Now, all this being said, I could not determine how to write the driver 
so that, between the actual adapter settings and the contents of the 
CONFIG file, it would be possible to use each port, irrespective of how 
it was configured.  The potential pitfalls are:

(a) The device driver has no mechanism to discriminate between standard 
COM ports and those on the adapter it services.  If the driver attempts 
to service COM1 and it is not an adapter port, it will fail to do so 
because the interrupt indicator flag in the STATUS register for that 
port will not be set.  Unless the NetBSD kernel chains interrupt 
handlers so that the correct handler is called on such a failure, the 
standard UART ports will become unusable.  And this presupposes that 
the conventional handler was configured correctly, earlier - 
another possibility is to include the standard ports in the ioAT66 
driver, trigger interrupts at probe time, determine which cause the 
STATUS register to report and which don't and attach two slightly 
different interrupt handlers to the two different groups.
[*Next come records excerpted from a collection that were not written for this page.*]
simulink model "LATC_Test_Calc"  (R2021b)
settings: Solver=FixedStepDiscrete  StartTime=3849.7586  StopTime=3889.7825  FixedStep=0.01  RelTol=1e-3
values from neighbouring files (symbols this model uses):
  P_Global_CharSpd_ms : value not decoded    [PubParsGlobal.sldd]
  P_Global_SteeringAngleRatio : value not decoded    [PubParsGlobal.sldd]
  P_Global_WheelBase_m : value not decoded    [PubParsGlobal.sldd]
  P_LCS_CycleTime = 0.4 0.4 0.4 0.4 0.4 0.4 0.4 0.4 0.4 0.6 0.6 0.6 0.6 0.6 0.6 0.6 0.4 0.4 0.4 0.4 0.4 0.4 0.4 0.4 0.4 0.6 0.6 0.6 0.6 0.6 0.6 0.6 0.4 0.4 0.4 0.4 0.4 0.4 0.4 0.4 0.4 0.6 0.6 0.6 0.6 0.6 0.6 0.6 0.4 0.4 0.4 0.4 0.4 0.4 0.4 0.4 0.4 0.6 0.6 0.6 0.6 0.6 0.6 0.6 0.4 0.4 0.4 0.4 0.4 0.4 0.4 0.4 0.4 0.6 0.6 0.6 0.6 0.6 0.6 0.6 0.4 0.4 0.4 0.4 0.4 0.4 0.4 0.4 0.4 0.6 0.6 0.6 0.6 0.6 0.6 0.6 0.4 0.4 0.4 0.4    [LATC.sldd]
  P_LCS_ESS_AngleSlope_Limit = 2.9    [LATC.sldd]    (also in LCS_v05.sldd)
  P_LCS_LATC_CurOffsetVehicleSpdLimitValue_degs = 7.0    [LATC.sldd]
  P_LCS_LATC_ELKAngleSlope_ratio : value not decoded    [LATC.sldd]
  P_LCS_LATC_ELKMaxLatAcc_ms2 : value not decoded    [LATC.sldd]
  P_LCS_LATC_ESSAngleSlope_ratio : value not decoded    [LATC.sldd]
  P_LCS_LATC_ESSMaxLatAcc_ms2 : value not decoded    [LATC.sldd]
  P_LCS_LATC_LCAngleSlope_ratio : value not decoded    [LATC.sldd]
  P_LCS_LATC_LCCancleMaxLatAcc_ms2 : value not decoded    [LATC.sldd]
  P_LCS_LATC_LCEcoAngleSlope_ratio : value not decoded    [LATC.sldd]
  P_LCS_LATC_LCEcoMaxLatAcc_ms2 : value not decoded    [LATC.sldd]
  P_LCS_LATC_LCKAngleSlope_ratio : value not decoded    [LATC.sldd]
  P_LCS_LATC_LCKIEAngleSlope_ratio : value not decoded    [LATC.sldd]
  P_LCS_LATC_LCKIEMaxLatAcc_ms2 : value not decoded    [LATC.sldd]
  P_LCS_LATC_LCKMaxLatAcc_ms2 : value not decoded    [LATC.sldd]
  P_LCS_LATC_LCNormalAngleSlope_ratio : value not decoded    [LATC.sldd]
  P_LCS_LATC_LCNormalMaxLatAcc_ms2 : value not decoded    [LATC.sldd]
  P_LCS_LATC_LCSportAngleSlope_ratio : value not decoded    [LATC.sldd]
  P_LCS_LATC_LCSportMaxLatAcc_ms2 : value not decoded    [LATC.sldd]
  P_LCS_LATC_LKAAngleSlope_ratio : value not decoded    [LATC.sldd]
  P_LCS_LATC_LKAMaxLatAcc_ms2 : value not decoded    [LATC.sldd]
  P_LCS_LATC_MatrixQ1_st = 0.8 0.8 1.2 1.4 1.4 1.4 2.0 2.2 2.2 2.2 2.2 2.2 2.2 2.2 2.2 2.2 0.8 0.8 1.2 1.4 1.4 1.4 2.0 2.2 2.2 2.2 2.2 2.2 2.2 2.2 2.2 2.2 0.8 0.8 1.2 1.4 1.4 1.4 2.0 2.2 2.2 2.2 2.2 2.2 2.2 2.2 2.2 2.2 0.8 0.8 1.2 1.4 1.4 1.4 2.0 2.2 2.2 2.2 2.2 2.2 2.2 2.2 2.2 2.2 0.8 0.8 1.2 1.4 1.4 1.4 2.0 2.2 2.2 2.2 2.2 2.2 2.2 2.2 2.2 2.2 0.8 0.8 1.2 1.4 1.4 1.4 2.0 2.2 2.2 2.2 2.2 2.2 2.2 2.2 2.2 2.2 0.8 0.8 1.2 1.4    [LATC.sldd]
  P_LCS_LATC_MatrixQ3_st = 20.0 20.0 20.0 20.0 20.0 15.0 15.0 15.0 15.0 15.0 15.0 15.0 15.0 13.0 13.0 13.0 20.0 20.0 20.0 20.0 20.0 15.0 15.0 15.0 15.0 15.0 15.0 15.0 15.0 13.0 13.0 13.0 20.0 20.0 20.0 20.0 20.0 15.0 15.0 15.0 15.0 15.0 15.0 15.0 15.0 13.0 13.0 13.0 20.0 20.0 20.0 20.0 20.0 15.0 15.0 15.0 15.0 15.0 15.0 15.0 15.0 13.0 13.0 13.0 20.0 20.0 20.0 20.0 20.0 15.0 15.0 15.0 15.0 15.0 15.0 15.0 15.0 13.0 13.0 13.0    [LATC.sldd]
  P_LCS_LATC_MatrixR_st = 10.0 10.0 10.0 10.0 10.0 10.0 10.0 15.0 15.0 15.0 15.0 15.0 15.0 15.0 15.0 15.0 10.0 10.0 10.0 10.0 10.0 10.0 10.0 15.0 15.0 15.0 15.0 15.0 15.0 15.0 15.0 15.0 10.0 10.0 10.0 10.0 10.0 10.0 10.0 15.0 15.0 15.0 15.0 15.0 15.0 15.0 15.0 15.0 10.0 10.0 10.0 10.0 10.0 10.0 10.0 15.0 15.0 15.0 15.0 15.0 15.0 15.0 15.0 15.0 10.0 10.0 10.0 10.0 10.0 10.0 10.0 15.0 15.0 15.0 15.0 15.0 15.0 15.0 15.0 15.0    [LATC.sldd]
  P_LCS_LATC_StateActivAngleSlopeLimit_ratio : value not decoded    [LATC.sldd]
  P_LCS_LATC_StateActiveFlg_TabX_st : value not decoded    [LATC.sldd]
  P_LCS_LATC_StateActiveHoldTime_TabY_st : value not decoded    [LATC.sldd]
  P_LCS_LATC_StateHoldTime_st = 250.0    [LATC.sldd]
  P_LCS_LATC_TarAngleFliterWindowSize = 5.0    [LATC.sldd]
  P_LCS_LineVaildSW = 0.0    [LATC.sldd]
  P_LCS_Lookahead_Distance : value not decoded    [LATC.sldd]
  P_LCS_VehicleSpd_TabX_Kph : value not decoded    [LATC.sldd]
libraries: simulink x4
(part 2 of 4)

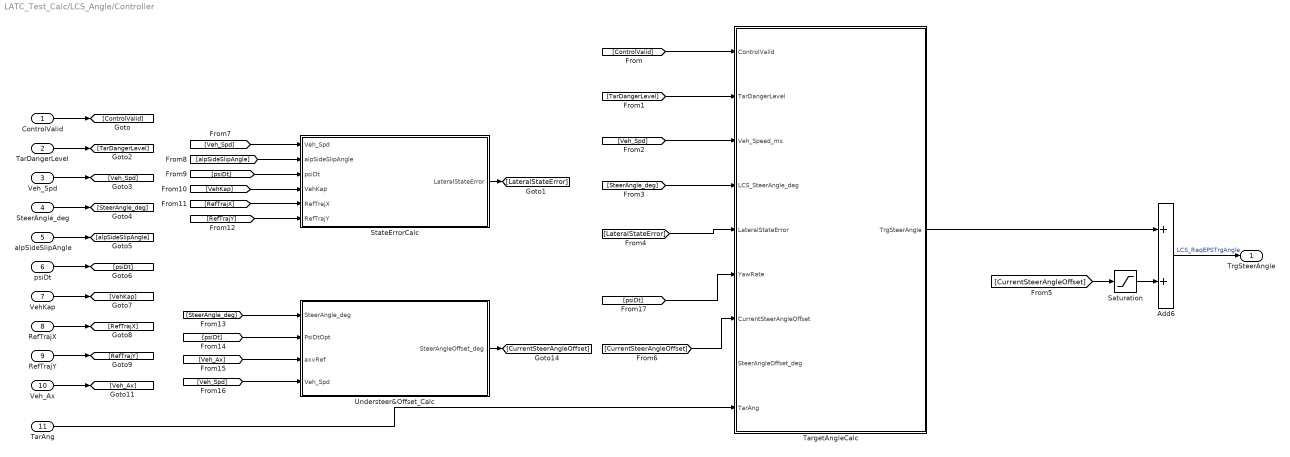
== system LATC_Test_Calc/LCS_Angle/Controller ==
  ControlValid : Inport
  TarDangerLevel : Inport  Port=2
  Veh_Spd : Inport  Port=3
  SteerAngle_deg : Inport  Port=4
  alpSideSlipAngle : Inport  Port=5
  psiDt : Inport  Port=6
  VehKap : Inport  Port=7
  RefTrajX : Inport  Port=8
  RefTrajY : Inport  Port=9
  Veh_Ax : Inport  Port=10
  TarAng : Inport  Port=11
  Add6 : Sum  AccumDataTypeStr=single
  Saturation : Saturate  UpperLimit=10  LowerLimit=-10
  StateErrorCalc : Subsystem
  TargetAngleCalc : Subsystem
  Understeer&Offset_Calc : Subsystem
  TrgSteerAngle : Outport
  wires:
  Understeer&Offset_Calc/1(SteerAngleOffset_deg) -> [CurrentSteerAngleOffset]
  StateErrorCalc/1(LateralStateError) -> [LateralStateError]
  ControlValid/1 -> [ControlValid]
  TarDangerLevel/1 -> [TarDangerLevel]
  Veh_Spd/1 -> [Veh_Spd]
  SteerAngle_deg/1 -> [SteerAngle_deg]
  alpSideSlipAngle/1 -> [alpSideSlipAngle]
  psiDt/1 -> [psiDt]
  VehKap/1 -> [VehKap]
  RefTrajX/1 -> [RefTrajX]
  RefTrajY/1 -> [RefTrajY]
  [ControlValid] -> TargetAngleCalc/1(ControlValid)
  [TarDangerLevel] -> TargetAngleCalc/2(TarDangerLevel)
  [Veh_Spd] -> TargetAngleCalc/3(Veh_Speed_ms)
  [SteerAngle_deg] -> TargetAngleCalc/4(LCS_SteerAngle_deg)
  [LateralStateError] -> TargetAngleCalc/5(LateralStateError)
  [psiDt] -> TargetAngleCalc/6(YawRate)
  [CurrentSteerAngleOffset] -> TargetAngleCalc/7(CurrentSteerAngleOffset)
  [Veh_Spd] -> StateErrorCalc/1(Veh_Spd)
  [alpSideSlipAngle] -> StateErrorCalc/2(alpSideSlipAngle)
  [psiDt] -> StateErrorCalc/3(psiDt)
  [VehKap] -> StateErrorCalc/4(VehKap)
  [RefTrajX] -> StateErrorCalc/5(RefTrajX)
  [RefTrajY] -> StateErrorCalc/6(RefTrajY)
  [SteerAngle_deg] -> Understeer&Offset_Calc/1(SteerAngle_deg)
  [psiDt] -> Understeer&Offset_Calc/2(PsiDtOpt)
  Veh_Ax/1 -> [Veh_Ax]
  [Veh_Ax] -> Understeer&Offset_Calc/3(axvRef)
  [Veh_Spd] -> Understeer&Offset_Calc/4(Veh_Spd)
  [CurrentSteerAngleOffset] -> Saturation/1
  Saturation/1 -> Add6/2
  TargetAngleCalc/1(TrgSteerAngle) -> Add6/1
  Add6/1 -> TrgSteerAngle/1  "LCS_ReqEPSTrgAngle"
  TarAng/1 -> TargetAngleCalc/9(TarAng)

== system LATC_Test_Calc/LCS_Angle/LaneWidthFac ==
  LaneWidth : Inport
  Constant4 : Constant  Value=3.6  OutDataTypeStr=single
  Constant6 : Constant  Value=3  OutDataTypeStr=single
  Constant7 : Constant  Value=4  OutDataTypeStr=single
  Divide1 : Product  Inputs=*/
  MinMax : MinMax  Function=max  Inputs=2
  MinMax1 : MinMax  Inputs=2
  LaneWidthFac : Outport
  wires:
  LaneWidth/1 -> MinMax/1
  Constant7/1 -> MinMax1/2
  MinMax/1 -> MinMax1/1
  Constant6/1 -> MinMax/2
  Constant4/1 -> Divide1/2
  MinMax1/1 -> Divide1/1
  Divide1/1 -> LaneWidthFac/1

== system LATC_Test_Calc/LCS_Angle/Subsystem ==
  canSteerWheelSpd : Inport
  canSteerWheelSpdSign : Inport  Port=2
  Bias2 : Bias  Bias=-0.5
  Gain2 : Gain  Gain=-2
  Product4 : Product
  LCS_IN_SteerAngleSpd_degs : Outport
  wires:
  Gain2/1 -> Product4/2
  Product4/1 -> LCS_IN_SteerAngleSpd_degs/1
  canSteerWheelSpdSign/1 -> Bias2/1
  Bias2/1 -> Gain2/1
  canSteerWheelSpd/1 -> Product4/1

== system LATC_Test_Calc/LCS_Angle/Subsystem1 ==
  Speed_ms : Inport
  Constant8 : Constant  Value=1.3  OutDataTypeStr=single
  Gain3 : Gain  Gain=3.6
  Gain4 : Gain  Gain=1.03
  Sum : Sum
  LCS_DisplaySpd_kph : Outport
  wires:
  Constant8/1 -> Sum/2
  Speed_ms/1 -> Gain3/1
  Gain3/1 -> Gain4/1
  Sum/1 -> LCS_DisplaySpd_kph/1
  Gain4/1 -> Sum/1

== system LATC_Test_Calc/LCS_Angle/Subsystem3 ==
  canSteerWheelAngle : Inport
  canSteerWheelAngleSign : Inport  Port=2
  Bias1 : Bias  Bias=-0.5
  Gain5 : Gain  Gain=-2
  Product5 : Product
  LCS_IN_CurSteerAngle_deg : Outport
  wires:
  Bias1/1 -> Gain5/1
  canSteerWheelAngle/1 -> Product5/1
  Gain5/1 -> Product5/2
  canSteerWheelAngleSign/1 -> Bias1/1
  Product5/1 -> LCS_IN_CurSteerAngle_deg/1  "LCS_IN_CurSteerAngle_deg"

== system LATC_Test_Calc/LCS_Angle/Subsystem5 ==
  raw : Inport
  Slope : Inport  Port=2
  Add : Sum
  Add1 : Sum  Inputs=+-
  Max : MinMax  Inputs=2
  Min : MinMax  Function=max  Inputs=2
  Unit Delay : UnitDelay  InitialCondition=single(0)  SampleTime=-1  HasFrameUpgradeWarning=on
  out : Outport
  wires:
  raw/1 -> Max/2
  Add1/1 -> Min/2
  Add/1 -> Max/1
  Max/1 -> Min/1
  Min/1 -> Unit Delay/1, out/1
  Unit Delay/1 -> Add/1, Add1/1
  Slope/1 -> Add/2, Add1/2

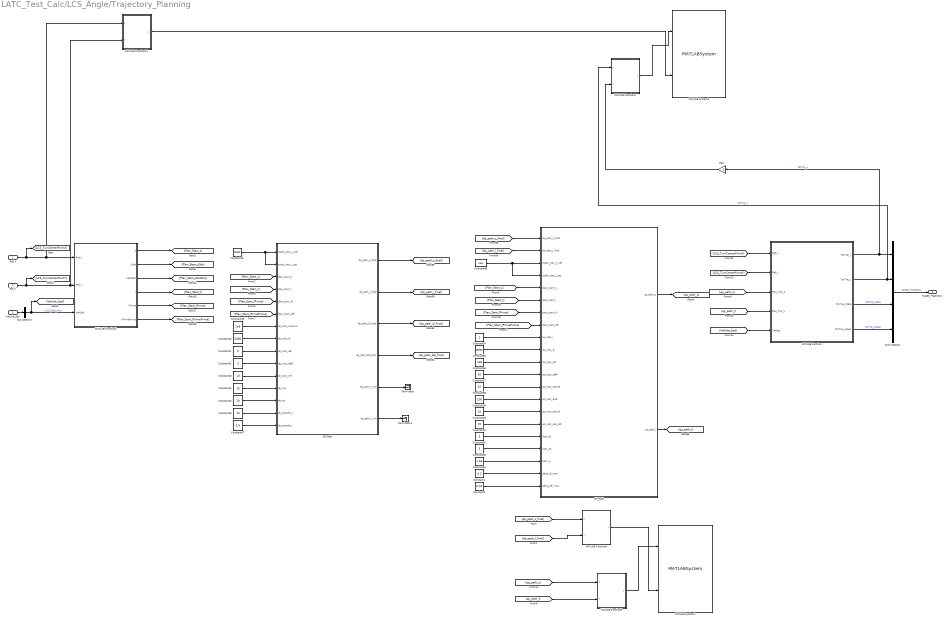
== system LATC_Test_Calc/LCS_Angle/Trajectory_Planning ==
  Ref_X : Inport
  Ref_Y : Inport  Port=2
  Vehicle_Spd : Inport  Port=3
  Bus Creator1 : BusCreator  Inputs=4
  Bus Selector : BusSelector  OutputSignals=LCS_Spd_ms
  Constant1 : Constant  Value=0.2  OutDataTypeStr=single
  Constant2 : Constant  Value=0.01  OutDataTypeStr=single
  Constant39 : Constant  Value=1e9  OutDataTypeStr=single
  Constant40 : Constant  Value=2000  OutDataTypeStr=single
  Constant41 : Constant  Value=2  OutDataTypeStr=single
  Constant42 : Constant  Value=3  OutDataTypeStr=single
  Constant43 : Constant  Value=10  OutDataTypeStr=single
  Constant{44,58,60..61} (4 alike) : Constant  Value=15  OutDataTypeStr=single
  Constant45 : Constant  Value=10  OutDataTypeStr=single
  Constant46 : Constant  Value=12  OutDataTypeStr=single
  Constant47 : Constant  Value=0.5  OutDataTypeStr=single
  Constant49 : Constant  Value=NaN  OutDataTypeStr=single
  Constant54 : Constant  OutDataTypeStr=single
  Constant55 : Constant  Value=25000  OutDataTypeStr=single
  Constant56 : Constant  Value=100  OutDataTypeStr=single
  Constant57 : Constant  Value=20  OutDataTypeStr=single
  Constant59 : Constant  Value=100  OutDataTypeStr=single
  Constant62 : Constant  Value=3  OutDataTypeStr=single
  Constant63 : Constant  Value=3  OutDataTypeStr=single
  Constant64 : Constant  Value=1.63  OutDataTypeStr=single
  Constant68 : Constant  Value=nan  OutDataTypeStr=single
  DP_Path : Subsystem
  Gain : Gain  Gain=-1
  MATLAB Function : MATLAB Function  TreatAsAtomicUnit=on
  MATLAB Function1 : MATLAB Function  TreatAsAtomicUnit=on
  MATLAB Function14 : MATLAB Function  TreatAsAtomicUnit=on
  MATLAB Function2 : MATLAB Function  TreatAsAtomicUnit=on
  MATLAB Function3 : MATLAB Function  TreatAsAtomicUnit=on
  MATLAB Function4 : MATLAB Function  TreatAsAtomicUnit=on
  MATLAB System1 : MATLABSystem  System=BirdsEyeView17a  XLim=[ 0, 120 ]  YLim=[ -30, 30 ]  HasActors=off  ActorsColor=off  HasVision=on  HasRadar=on  HasRoads=off  HasLaneMarkings=off  Camera_Fov=52  Camera_Range=100  Camera_Yaw=0  Camera_Pos=[ 0, 0 ]  Radar_Fov=52  Radar_Range=100  Radar_Yaw=0  Radar_Pos=[ 0, 0 ]  MarkerSize=4  LabelFontSize=4  LabelOffset=[ 1.5, 1.5 ]  aspectratio=off
      mask Type: BirdsEyeView17a
      mask Display:
      | disp(['Bird''s-Eye' char(10) 'View']);
      | port_label('input',1,'Vision');
      | port_label('input',2,'Radar');
  MATLAB System3 : MATLABSystem  System=BirdsEyeView17a  XLim=[ 0, 120 ]  YLim=[ -30, 30 ]  HasActors=off  ActorsColor=off  HasVision=on  HasRadar=on  HasRoads=off  HasLaneMarkings=off  Camera_Fov=52  Camera_Range=100  Camera_Yaw=0  Camera_Pos=[ 0, 0 ]  Radar_Fov=52  Radar_Range=100  Radar_Yaw=0  Radar_Pos=[ 0, 0 ]  MarkerSize=4  LabelFontSize=4  LabelOffset=[ 1.5, 1.5 ]  aspectratio=off
      mask Type: BirdsEyeView17a
      mask Display:
      | disp(['Bird''s-Eye' char(10) 'View']);
      | port_label('input',1,'Vision');
      | port_label('input',2,'Radar');
  QP_Path : Subsystem
  Terminator : Terminator
  Terminator1 : Terminator
  Target_Trajectory : Outport
  wires:
  Constant55/1 -> QP_Path/10(qp_cost_dl)
  MATLAB Function2/6(lPrimePrime) -> [Plan_Start_lPrimePrime]
  MATLAB Function2/1(s) -> [Plan_Start_s]
  Constant41/1 -> DP_Path/9(dp_cost_ddl)
  Constant56/1 -> QP_Path/11(qp_cost_ddl)
  QP_Path/2(qp_path_l) -> [qp_path_l]
  [Plan_Start_lPrime] -> DP_Path/5(plan_start_dl)
  Constant62/1 -> QP_Path/17(host_d1)
  Constant61/1 -> QP_Path/16(qp_cost_end_ddl)
  [Plan_Start_lPrimePrime] -> DP_Path/6(plan_start_ddl)
  Constant54/1 -> QP_Path/9(qp_cost_l)
  Constant42/1 -> DP_Path/10(dp_cost_dddl)
  Vehicle_Spd/1 -> Bus Selector/1
  [Plan_Start_lPrimePrime] -> QP_Path/8(plan_start_ddl)
  Constant59/1 -> QP_Path/14(qp_cost_endl)
  Constant68/1 -> QP_Path/4(static_obs_l_set), QP_Path/3(static_obs_s_set)
  Constant44/1 -> DP_Path/12(dp_row)
  [Plan_Start_l] -> DP_Path/4(plan_start_l)
  MATLAB Function2/5(lPrime) -> [Plan_Start_lPrime]
  [Plan_Start_s] -> DP_Path/3(plan_start_s)
  DP_Path/1(dp_path_s_final) -> [dp_path_s_final]
  [dp_path_s_final] -> QP_Path/1(dp_path_s_final)
  Constant64/1 -> QP_Path/19(host_w)
  MATLAB Function2/3(sDotDot) -> [Plan_Start_sDotDot]
  Constant46/1 -> DP_Path/14(dp_sample_s)
  [Vehicle_Spd] -> MATLAB Function/5(VehSpd)
  Constant63/1 -> QP_Path/18(host_d2)
  DP_Path/3(dp_path_dl_final) -> [dp_path_dl_final]
  DP_Path/2(dp_path_l_final) -> [dp_path_l_final]
  Constant40/1 -> DP_Path/8(dp_cost_dl)
  Constant57/1 -> QP_Path/12(qp_cost_dddl)
  Constant47/1 -> DP_Path/15(dp_sample_l)
  MATLAB Function2/4(l) -> [Plan_Start_l]
  MATLAB Function2/2(sDot) -> [Plan_Start_sDot]
  Constant39/1 -> DP_Path/7(dp_cost_collision)
  Constant43/1 -> DP_Path/11(dp_cost_ref)
  [Plan_Start_lPrime] -> QP_Path/7(plan_start_dl)
  MATLAB Function/1(TarTraj_x) -> Gain/1, Bus Creator1/1  "TarTraj_x"
  DP_Path/4(dp_path_ddl_final) -> [dp_path_ddl_final]
  Constant60/1 -> QP_Path/15(qp_cost_end_dl)
  [LCS_TurnCenterPointY] -> MATLAB Function/2(Ref_Y)
  Bus Selector/1 -> [Vehicle_Spd], MATLAB Function2/3(VehSpd)  "<LCS_Spd_ms>"
  [Plan_Start_l] -> QP_Path/6(plan_start_l)
  [qp_path_s] -> MATLAB Function/3(Plan_Traj_S)
  DP_Path/6(dp_path_l_init) -> Terminator1/1
  Constant49/1 -> DP_Path/2(static_obs_l_set), DP_Path/1(static_obs_s_set)
  Constant58/1 -> QP_Path/13(qp_cost_centre)
  [dp_path_l_final] -> QP_Path/2(dp_path_l_final)
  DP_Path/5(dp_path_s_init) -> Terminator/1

(b) Only with such convoluted probing is it possible to determine the 
actual adapter configuration, and here is the point: I chose to make 
certain assumptions about the configuration of the adapter, so as to 
minimise the likelihood of misconfigurations.  The first assumption is 
that conventional ports are paired with (nearly) conventional IRQs: 
COM1 and COM2 are taken to be standard, COM3 and COM4 nearly so, and 
COM5 and COM6 merely extrapolate on this.  The alternate ports are all 
taken to use the chosen shared IRQ and aren't even considered for 
probing if the IRQ specification in the configuration is left out.  The 
alternative port is tested first, making it possible for other drivers 
to manage the conventional ports if they are excluded on the adapter.

(c) Any number of adapter configuration can trash this scheme, for 
example, to match a current configuration, the third port would have to 
be set up as 0x248/5 instead of 0x2E8/5, the latter would be forced to 
0x2E8/11 and clash.

(d) The only alternative would be to find some means of describing in 
the CONFIG file, the properties of individual slaves, not so much their 
I/O address, where the choices are limited and mutually exclusive, but 
the rather the selected IRQ (god forbid that this should then be wrong 

(e) Another useful specification might, in this case, be whether we 
want to incorporate the standard ports - we can handle them, as long as 
we don't expect the STATUS register to give us any indication about 
them - or, equally important, whether we should ignore them even if we 
happen to detect them.

In summary, there are two options: a more complex mechanism to describe 
adapters (I guess that's where PnP was meant to help) or the ability to 
perform rather complex tests, including triggering and intercepting 
interrupts, at adapter probing time.  I think the former option 
stretches into dangerous territory, while the latter could provide 
additional robustness to other drivers.  I'm not comfortable with 
exploring this avenue, but with sufficient encouragment and support, I 
may embark on it.

In the meantime, it has been fun to get this far, it would be a pleasure 
to be able to contribute where so far I have only been a spectator.
Lucio de Re (
Disclaimer: I'm working at getting my opinions to agree with me.